【前回の記事を読む】聖職者×挫折者×盲目奏者――『平家物語』誕生の真実がついに明かされる

第一章 創生の人々

一 宮中の楽人(がくにん)

若き琵琶奏者、綾小路資時(あやのこうじすけとき)は宮中の注目を浴びた。

烏帽子(えぼし)の下の広い額、翳(かげ)るような眉、整った鼻筋、口元はやや頑固そうにへの字に結ばれて、それがかえって少年っぽく見えた。

細い指先と柔らかな手首は舞うように優雅に柱を押さえ、撥(ばち)は弧(こ)を描くように鮮やかに弦(げん)を弾く。宮中で繰り広げられている豪華な宴席を楽しむこともなく、資時は琵琶一筋に打ち込んでいた。

もっと楽な生き方も、あった筈(はず)だ。だが資時は、琵琶に魅(み)せられていた。

特に天皇と、許された者だけが弾ける独奏の『秘曲』の響きに心惹(ひ)かれた。

『秘曲』を弾いていると、何か、見たこともない遥(はる)かな世界が広がっている気がする。

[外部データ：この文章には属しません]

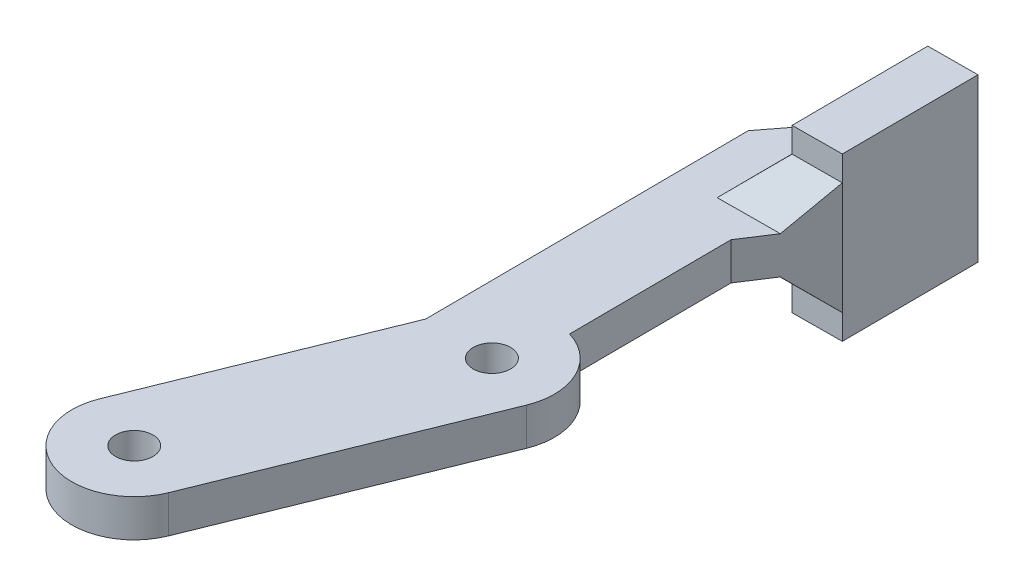
ISO-10303-21;
HEADER;
FILE_DESCRIPTION(('STEP AP214'),'2;1');
FILE_NAME('part.step','',(''),(''),'','','');
FILE_SCHEMA(('AUTOMOTIVE_DESIGN { 1 0 10303 214 1 1 1 1 }'));
ENDSEC;
DATA;
#1=APPLICATION_CONTEXT('core data for automotive mechanical design processes');
#2=APPLICATION_PROTOCOL_DEFINITION('international standard','automotive_design',2000,#1);
#3=PRODUCT_CONTEXT('',#1,'mechanical');
#4=PRODUCT('Part','Part','',(#3));
#5=PRODUCT_RELATED_PRODUCT_CATEGORY('part','',(#4));
#6=PRODUCT_DEFINITION_FORMATION('','',#4);
#7=PRODUCT_DEFINITION_CONTEXT('part definition',#1,'design');
#8=PRODUCT_DEFINITION('design','',#6,#7);
#9=PRODUCT_DEFINITION_SHAPE('','',#8);
#10=(LENGTH_UNIT() NAMED_UNIT(*) SI_UNIT(.MILLI.,.METRE.));
#11=(NAMED_UNIT(*) PLANE_ANGLE_UNIT() SI_UNIT($,.RADIAN.));
#12=(NAMED_UNIT(*) SI_UNIT($,.STERADIAN.) SOLID_ANGLE_UNIT());
#13=UNCERTAINTY_MEASURE_WITH_UNIT(LENGTH_MEASURE(1.E-05),#10,'distance_accuracy_value','');
#14=(GEOMETRIC_REPRESENTATION_CONTEXT(3) GLOBAL_UNCERTAINTY_ASSIGNED_CONTEXT((#13)) GLOBAL_UNIT_ASSIGNED_CONTEXT((#10,
#11,#12)) REPRESENTATION_CONTEXT('',''));
#15=CARTESIAN_POINT('',(0.,0.,0.));
#16=DIRECTION('',(0.,0.,1.));
#17=DIRECTION('',(1.,0.,0.));
#18=AXIS2_PLACEMENT_3D('',#15,#16,#17);
#19=CARTESIAN_POINT('',(-31.3872397273265,0.,12.6392763690197));
#20=DIRECTION('',(0.,1.,0.));
#21=DIRECTION('',(0.375044776060288,0.,-0.92700669682041));
#22=AXIS2_PLACEMENT_3D('',#19,#20,#21);
#23=CYLINDRICAL_SURFACE('',#22,1.5);
#24=CARTESIAN_POINT('',(-31.3872397273265,3.,12.6392763690197));
#25=DIRECTION('',(0.,-1.,0.));
#26=DIRECTION('',(0.375044776060288,0.,-0.92700669682041));
#27=AXIS2_PLACEMENT_3D('',#24,#25,#26);
#28=CIRCLE('',#27,1.5);
#29=CARTESIAN_POINT('',(-31.9498068914169,3.,14.0297864142503));
#30=VERTEX_POINT('',#29);
#31=EDGE_CURVE('E283',#30,#30,#28,.T.);
#32=ORIENTED_EDGE('',*,*,#31,.F.);
#33=DIRECTION('',(0.,-1.,0.));
#34=VECTOR('',#33,1.);
#35=CARTESIAN_POINT('',(-31.9498068914169,0.,14.0297864142503));
#36=LINE('',#35,#34);
#37=CARTESIAN_POINT('',(-31.9498068914169,0.,14.0297864142503));
#38=VERTEX_POINT('',#37);
#39=EDGE_CURVE('E296',#30,#38,#36,.T.);
#40=ORIENTED_EDGE('',*,*,#39,.T.);
#41=CARTESIAN_POINT('',(-31.3872397273265,0.,12.6392763690197));
#42=DIRECTION('',(0.,-1.,0.));
#43=DIRECTION('',(0.375044776060288,0.,-0.92700669682041));
#44=AXIS2_PLACEMENT_3D('',#41,#42,#43);
#45=CIRCLE('',#44,1.5);
#46=EDGE_CURVE('E300',#38,#38,#45,.T.);
#47=ORIENTED_EDGE('',*,*,#46,.T.);
#48=ORIENTED_EDGE('',*,*,#39,.F.);
#49=EDGE_LOOP('',(#32,#40,#47,#48));
#50=FACE_BOUND('',#49,.T.);
#51=ADVANCED_FACE('F45',(#50),#23,.F.);
#52=CARTESIAN_POINT('',(-23.1362546540001,0.,-7.75487096102932));
#53=DIRECTION('',(0.,1.,0.));
#54=DIRECTION('',(0.375044776060288,0.,-0.92700669682041));
#55=AXIS2_PLACEMENT_3D('',#52,#53,#54);
#56=CYLINDRICAL_SURFACE('',#55,1.5);
#57=CARTESIAN_POINT('',(-23.1362546540001,3.,-7.75487096102932));
#58=DIRECTION('',(0.,-1.,0.));
#59=DIRECTION('',(0.375044776060288,0.,-0.92700669682041));
#60=AXIS2_PLACEMENT_3D('',#57,#58,#59);
#61=CIRCLE('',#60,1.5);
#62=CARTESIAN_POINT('',(-23.6988218180906,3.,-6.3643609157987));
#63=VERTEX_POINT('',#62);
#64=EDGE_CURVE('E274',#63,#63,#61,.T.);
#65=ORIENTED_EDGE('',*,*,#64,.F.);
#66=DIRECTION('',(0.,-1.,0.));
#67=VECTOR('',#66,1.);
#68=CARTESIAN_POINT('',(-23.6988218180906,0.,-6.3643609157987));
#69=LINE('',#68,#67);
#70=CARTESIAN_POINT('',(-23.6988218180906,0.,-6.3643609157987));
#71=VERTEX_POINT('',#70);
#72=EDGE_CURVE('E303',#63,#71,#69,.T.);
#73=ORIENTED_EDGE('',*,*,#72,.T.);
#74=CARTESIAN_POINT('',(-23.1362546540001,0.,-7.75487096102932));
#75=DIRECTION('',(0.,-1.,0.));
#76=DIRECTION('',(0.375044776060288,0.,-0.92700669682041));
#77=AXIS2_PLACEMENT_3D('',#74,#75,#76);
#78=CIRCLE('',#77,1.5);
#79=EDGE_CURVE('E306',#71,#71,#78,.T.);
#80=ORIENTED_EDGE('',*,*,#79,.T.);
#81=ORIENTED_EDGE('',*,*,#72,.F.);
#82=EDGE_LOOP('',(#65,#73,#80,#81));
#83=FACE_BOUND('',#82,.T.);
#84=ADVANCED_FACE('F426',(#83),#56,.F.);
#85=CARTESIAN_POINT('',(-22.4694527490322,0.,-41.856975182389));
#86=DIRECTION('',(-0.793469040105591,0.,-0.60861061639928));
#87=DIRECTION('',(0.,-1.,0.));
#88=AXIS2_PLACEMENT_3D('',#85,#86,#87);
#89=PLANE('',#88);
#90=DIRECTION('',(0.60861061639928,0.,-0.793469040105591));
#91=VECTOR('',#90,1.);
#92=CARTESIAN_POINT('',(-28.6490392047294,0.,-33.8004109340342));
#93=LINE('',#92,#91);
#94=CARTESIAN_POINT('',(-28.6490392047294,0.,-33.8004109340342));
#95=VERTEX_POINT('',#94);
#96=CARTESIAN_POINT('',(-25.3076334762986,0.,-38.1567299408028));
#97=VERTEX_POINT('',#96);
#98=EDGE_CURVE('E280',#95,#97,#93,.T.);
#99=ORIENTED_EDGE('',*,*,#98,.F.);
#100=DIRECTION('',(0.,1.,0.));
#101=VECTOR('',#100,1.);
#102=CARTESIAN_POINT('',(-28.6490392047294,0.,-33.8004109340342));
#103=LINE('',#102,#101);
#104=CARTESIAN_POINT('',(-28.6490392047294,3.,-33.8004109340342));
#105=VERTEX_POINT('',#104);
#106=EDGE_CURVE('E234',#95,#105,#103,.T.);
#107=ORIENTED_EDGE('',*,*,#106,.T.);
#108=DIRECTION('',(-0.60861061639928,0.,0.793469040105591));
#109=VECTOR('',#108,1.);
#110=CARTESIAN_POINT('',(-28.6490392047294,3.,-33.8004109340342));
#111=LINE('',#110,#109);
#112=CARTESIAN_POINT('',(-25.3076334762987,3.,-38.1567299408027));
#113=VERTEX_POINT('',#112);
#114=EDGE_CURVE('E240',#113,#105,#111,.T.);
#115=ORIENTED_EDGE('',*,*,#114,.F.);
#116=DIRECTION('',(0.518862939394076,0.522667223898671,-0.676461545976854));
#117=VECTOR('',#116,1.);
#118=CARTESIAN_POINT('',(-34.2394605458331,-5.99731490599091,-26.5119638780906));
#119=LINE('',#118,#117);
#120=CARTESIAN_POINT('',(-22.4694527490322,5.85899016679708,-41.856975182389));
#121=VERTEX_POINT('',#120);
#122=EDGE_CURVE('E326',#113,#121,#119,.T.);
#123=ORIENTED_EDGE('',*,*,#122,.T.);
#124=DIRECTION('',(0.,1.,0.));
#125=VECTOR('',#124,1.);
#126=CARTESIAN_POINT('',(-22.4694527490322,0.,-41.856975182389));
#127=LINE('',#126,#125);
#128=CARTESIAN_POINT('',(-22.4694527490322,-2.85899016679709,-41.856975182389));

それが何なのか、どうしてもつかめない。何度弾いても、満足に弾けた気がしなかった。師匠も皆も、この弾き方で良いのだ、見事だと言ってくれるが、弾くたびに資時は自分の未熟さを感じた。

つかみたい。この遥(はる)かな世界を。

資時はその「何か」をつかむ事だけに日々心を砕(くだ)いていた。それに夢中で、名声も地位も目に入らなかった。

それゆえ資時は、気づくことができなかった。

資時の陰で、望んでも名声や地位を得られず唇を噛んでいた者が、いたことを。

ある日突然熱病が資時を襲(おそ)った。

幾日も死線をさまよい、辛うじて熱が下がったとき、資時の両目は見えなくなっていた。

近衛(このえ)天皇の失明の原因が藤原頼長の呪詛(じゅそ)のせいだと噂されたように、綾小路資時も誰かに呪われているのかもしれないと人々は考え、潮の引くように彼のもとを離れていった。父も兄弟達も、宮中に参上しづらくなった。